How? By moving the baseline a little bit, then checking the stats again. By adding or removing small numbers of sensors to the region of interest. By re-calculating my spectral data using slightly different techniques. By trying to find the effect again using a whole-brain analysis. By running the cluster test many times and checking the dispersion of the outcomes. By – please don’t do this – removing subjects one by one to see if my p-value might suddenly increase when one of them goes away. I ended up concluding that one of my effects was way too volatile to be anything other than a false positive, while the other was robust. I bet you already guessed it wasn’t the one I was hoping for.
If you hear a strange slapping sound right about now, it’s the pre-registration people, facepalming. They’re probably right to. But the fact of the matter is, we don’t have a consensus about protocols on how to clean and then calculate our data prior to using statistics. This leaves a lot of room for random testing, for better or worse. I think it can work in our favour, if we primarily use statistics to convince ourselves of our results.
Telling a story
Sometimes, there are good reasons for not publishing a result. Failures of technical equipment, artifacts, excessive measurement noise, weak experimental manipulations, belatedly discovered confounds. A p-value of 0.18 should never be a reason for non-publication. It should also never, ever be a reason for a weakly supervised, poorly written, poorly structured manuscript.
But when we do publish, we need to start presenting data in a way that’s comparable across experiments. Far too often, neuroscience papers contain plots of only t-maps or model fits or contrasts between conditions or hemispheres or measures of some complex indices, but not actual raw data for each individual condition. This means that the information others get to see is guided by wobbly p-values. Plot some measure of central tendency, and some measure of dispersion. This will allow your readers to think more deeply about the nature of the effects you found.
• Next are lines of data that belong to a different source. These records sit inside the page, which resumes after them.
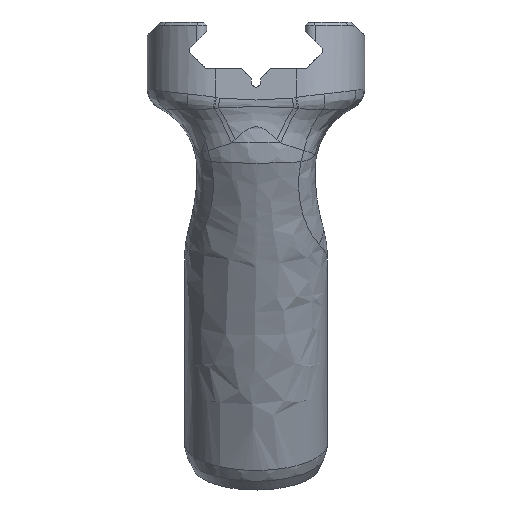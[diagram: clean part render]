
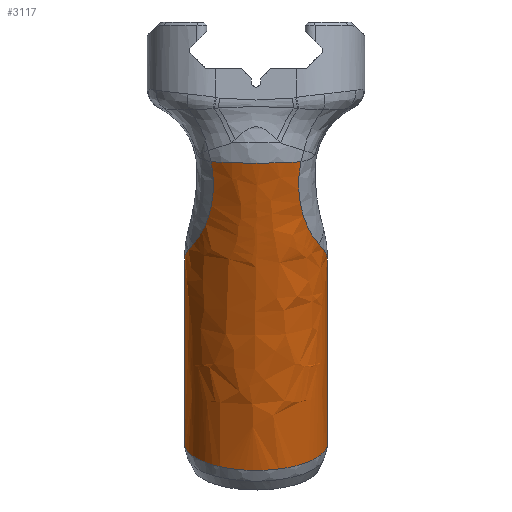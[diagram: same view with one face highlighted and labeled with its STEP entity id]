
A CAD part, front view. The second image highlights one B-rep face of the part: STEP entity #3117.
In plain terms, the highlighted free-form (B-spline) face has degree [1, 2] with [2, 5] control points.
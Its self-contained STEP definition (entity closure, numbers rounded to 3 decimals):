
#16=(
BOUNDED_SURFACE()
B_SPLINE_SURFACE(1,2,((#6084,#6085,#6086,#6087,#6088),(#6089,#6090,#6091,
#6092,#6093)),.UNSPECIFIED.,.F.,.F.,.F.)
B_SPLINE_SURFACE_WITH_KNOTS((2,2),(3,2,3),(0.251,4.977),
(0.,1.571,3.142),.UNSPECIFIED.)
GEOMETRIC_REPRESENTATION_ITEM()
RATIONAL_B_SPLINE_SURFACE(((1.,0.707,1.,0.707,1.),
(1.,0.707,1.,0.707,1.)))
REPRESENTATION_ITEM('')
SURFACE()
);
#264=B_SPLINE_CURVE_WITH_KNOTS('',3,(#5919,#5920,#5921,#5922,#5923,#5924,
#5925,#5926,#5927,#5928,#5929,#5930),.UNSPECIFIED.,.F.,.F.,(4,1,1,1,1,1,
1,1,1,4),(0.,0.134,0.269,0.537,0.806,
1.075,1.343,1.612,1.747,1.881),
 .UNSPECIFIED.);
#272=B_SPLINE_CURVE_WITH_KNOTS('',3,(#6097,#6098,#6099,#6100,#6101,#6102),
 .UNSPECIFIED.,.F.,.F.,(4,2,4),(-0.549,0.,0.002),
 .UNSPECIFIED.);
#273=B_SPLINE_CURVE_WITH_KNOTS('',3,(#6104,#6105,#6106,#6107,#6108,#6109,
#6110),.UNSPECIFIED.,.F.,.F.,(4,1,1,1,4),(-1.623,-1.159,
-0.696,-0.232,0.),.UNSPECIFIED.);
#274=B_SPLINE_CURVE_WITH_KNOTS('',3,(#6112,#6113,#6114,#6115,#6116,#6117,
#6118),.UNSPECIFIED.,.F.,.F.,(4,1,1,1,4),(-0.861,-0.781,
-0.621,-0.461,-0.301),.UNSPECIFIED.);
#275=B_SPLINE_CURVE_WITH_KNOTS('',3,(#6120,#6121,#6122,#6123,#6124,#6125,
#6126,#6127),.UNSPECIFIED.,.F.,.F.,(4,1,1,1,1,4),(-1.623,-1.391,
-1.159,-0.928,-0.464,0.),
 .UNSPECIFIED.);
#276=B_SPLINE_CURVE_WITH_KNOTS('',3,(#6128,#6129,#6130,#6131,#6132,#6133),
 .UNSPECIFIED.,.F.,.F.,(4,2,4),(-0.551,-0.549,0.),
 .UNSPECIFIED.);
#568=FACE_OUTER_BOUND('',#770,.T.);
#770=EDGE_LOOP('',(#2405,#2406,#2407,#2408,#2409,#2410,#2411,#2412));
#982=LINE('',#6040,#1127);
#985=LINE('',#6095,#1130);
#1127=VECTOR('',#3795,10.);
#1130=VECTOR('',#3800,10.);
#1379=VERTEX_POINT('',#5771);
#1384=VERTEX_POINT('',#5854);
#1394=VERTEX_POINT('',#6039);
#1395=VERTEX_POINT('',#6094);
#1396=VERTEX_POINT('',#6096);
#1397=VERTEX_POINT('',#6103);
#1398=VERTEX_POINT('',#6111);
#1399=VERTEX_POINT('',#6119);
#1752=EDGE_CURVE('',#1384,#1379,#264,.T.);
#1765=EDGE_CURVE('',#1379,#1394,#982,.T.);
#1768=EDGE_CURVE('',#1384,#1395,#985,.T.);
#1769=EDGE_CURVE('',#1396,#1395,#272,.T.);
#1770=EDGE_CURVE('',#1397,#1396,#273,.T.);
#1771=EDGE_CURVE('',#1398,#1397,#274,.T.);
#1772=EDGE_CURVE('',#1399,#1398,#275,.T.);
#1773=EDGE_CURVE('',#1394,#1399,#276,.T.);
#2405=ORIENTED_EDGE('',*,*,#1752,.F.);
#2406=ORIENTED_EDGE('',*,*,#1768,.T.);
#2407=ORIENTED_EDGE('',*,*,#1769,.F.);
#2408=ORIENTED_EDGE('',*,*,#1770,.F.);
#2409=ORIENTED_EDGE('',*,*,#1771,.F.);
#2410=ORIENTED_EDGE('',*,*,#1772,.F.);
#2411=ORIENTED_EDGE('',*,*,#1773,.F.);
#2412=ORIENTED_EDGE('',*,*,#1765,.F.);
#3117=ADVANCED_FACE('',(#568),#16,.F.);
#3795=DIRECTION('',(0.,-0.415,0.91));
#3800=DIRECTION('',(0.,-0.415,0.91));
#5771=CARTESIAN_POINT('',(-11.5,65.814,-73.898));
#5854=CARTESIAN_POINT('',(11.5,65.814,-73.898));
#5919=CARTESIAN_POINT('Ctrl Pts',(11.5,65.814,-73.898));
#5920=CARTESIAN_POINT('Ctrl Pts',(11.5,64.956,-74.29));
#5921=CARTESIAN_POINT('Ctrl Pts',(11.214,63.243,-75.072));
#5922=CARTESIAN_POINT('Ctrl Pts',(9.659,60.247,-76.439));
#5923=CARTESIAN_POINT('Ctrl Pts',(6.563,57.664,-77.618));
#5924=CARTESIAN_POINT('Ctrl Pts',(2.243,56.237,-78.269));
#5925=CARTESIAN_POINT('Ctrl Pts',(-2.244,56.238,-78.269));
#5926=CARTESIAN_POINT('Ctrl Pts',(-6.569,57.665,-77.617));
#5927=CARTESIAN_POINT('Ctrl Pts',(-9.657,60.245,-76.44));
#5928=CARTESIAN_POINT('Ctrl Pts',(-11.213,63.243,-75.072));
#5929=CARTESIAN_POINT('Ctrl Pts',(-11.5,64.956,-74.29));
#5930=CARTESIAN_POINT('Ctrl Pts',(-11.5,65.814,-73.898));
#6039=CARTESIAN_POINT('',(-11.5,52.347,-44.39));
#6040=CARTESIAN_POINT('',(-11.5,67.011,-76.521));
#6084=CARTESIAN_POINT('Ctrl Pts',(-11.5,65.814,-73.898));
#6085=CARTESIAN_POINT('Ctrl Pts',(-11.5,56.296,-78.242));
#6086=CARTESIAN_POINT('Ctrl Pts',(0.,56.296,
-78.242));
#6087=CARTESIAN_POINT('Ctrl Pts',(11.5,56.296,-78.242));
#6088=CARTESIAN_POINT('Ctrl Pts',(11.5,65.814,-73.898));
#6089=CARTESIAN_POINT('Ctrl Pts',(-11.5,43.247,-24.451));
#6090=CARTESIAN_POINT('Ctrl Pts',(-11.5,33.73,-28.795));
#6091=CARTESIAN_POINT('Ctrl Pts',(0.,33.73,
-28.795));
#6092=CARTESIAN_POINT('Ctrl Pts',(11.5,33.73,-28.795));
#6093=CARTESIAN_POINT('Ctrl Pts',(11.5,43.247,-24.451));
#6094=CARTESIAN_POINT('',(11.5,52.347,-44.39));
#6095=CARTESIAN_POINT('',(11.5,67.011,-76.521));
#6096=CARTESIAN_POINT('',(10.105,45.672,-41.794));
#6097=CARTESIAN_POINT('Ctrl Pts',(10.105,45.672,-41.794));
#6098=CARTESIAN_POINT('Ctrl Pts',(10.998,47.732,-42.707));
#6099=CARTESIAN_POINT('Ctrl Pts',(11.498,50.018,-43.55));
#6100=CARTESIAN_POINT('Ctrl Pts',(11.5,52.332,-44.384));
#6101=CARTESIAN_POINT('Ctrl Pts',(11.5,52.339,-44.387));
#6102=CARTESIAN_POINT('Ctrl Pts',(11.5,52.347,-44.39));
#6103=CARTESIAN_POINT('',(7.238,36.191,-28.571));
#6104=CARTESIAN_POINT('Ctrl Pts',(7.238,36.191,-28.571));
#6105=CARTESIAN_POINT('Ctrl Pts',(6.938,36.628,-30.06));
#6106=CARTESIAN_POINT('Ctrl Pts',(6.709,37.78,-32.937));
#6107=CARTESIAN_POINT('Ctrl Pts',(7.344,40.087,-36.974));
#6108=CARTESIAN_POINT('Ctrl Pts',(8.646,42.634,-39.984));
#6109=CARTESIAN_POINT('Ctrl Pts',(9.728,44.803,-41.409));
#6110=CARTESIAN_POINT('Ctrl Pts',(10.105,45.672,-41.794));
#6111=CARTESIAN_POINT('',(-7.238,36.191,-28.571));
#6112=CARTESIAN_POINT('Ctrl Pts',(-7.238,36.191,-28.571));
#6113=CARTESIAN_POINT('Ctrl Pts',(-6.632,35.723,-28.621));
#6114=CARTESIAN_POINT('Ctrl Pts',(-4.707,34.52,-28.736));
#6115=CARTESIAN_POINT('Ctrl Pts',(-1.114,33.509,-28.81));
#6116=CARTESIAN_POINT('Ctrl Pts',(3.312,33.914,-28.783));
#6117=CARTESIAN_POINT('Ctrl Pts',(6.026,35.255,-28.671));
#6118=CARTESIAN_POINT('Ctrl Pts',(7.238,36.191,-28.571));
#6119=CARTESIAN_POINT('',(-10.105,45.672,-41.794));
#6120=CARTESIAN_POINT('Ctrl Pts',(-10.105,45.672,-41.794));
#6121=CARTESIAN_POINT('Ctrl Pts',(-9.728,44.803,-41.409));
#6122=CARTESIAN_POINT('Ctrl Pts',(-9.007,43.351,-40.462));
#6123=CARTESIAN_POINT('Ctrl Pts',(-8.124,41.621,-38.777));
#6124=CARTESIAN_POINT('Ctrl Pts',(-7.239,39.698,-36.304));
#6125=CARTESIAN_POINT('Ctrl Pts',(-6.709,37.784,-32.935));
#6126=CARTESIAN_POINT('Ctrl Pts',(-6.938,36.628,-30.06));
#6127=CARTESIAN_POINT('Ctrl Pts',(-7.238,36.191,-28.571));
#6128=CARTESIAN_POINT('Ctrl Pts',(-11.5,52.347,-44.39));
#6129=CARTESIAN_POINT('Ctrl Pts',(-11.5,52.339,-44.387));
#6130=CARTESIAN_POINT('Ctrl Pts',(-11.5,52.332,-44.384));
#6131=CARTESIAN_POINT('Ctrl Pts',(-11.498,50.017,-43.55));
#6132=CARTESIAN_POINT('Ctrl Pts',(-10.998,47.732,-42.707));
#6133=CARTESIAN_POINT('Ctrl Pts',(-10.105,45.672,-41.794));

It would be even better, of course, if you made the raw data and analysis scripts publicly available, but my own attempts to do this were tinged with technical frustration. We need a lot more fast, funded server space for this to become the norm.
And know that, when you tell your story, your p-value is only a small part of it. Maybe you had an elegant design – this is worth sharing. Maybe your hypothesis makes perfect sense in light of the current literature, but it didn’t end up working out – this is also worth sharing. Maybe your failed experiment made you reconsider your beliefs about the field. These thoughts are also worth sharing. Please tell your story, even for p>0.05.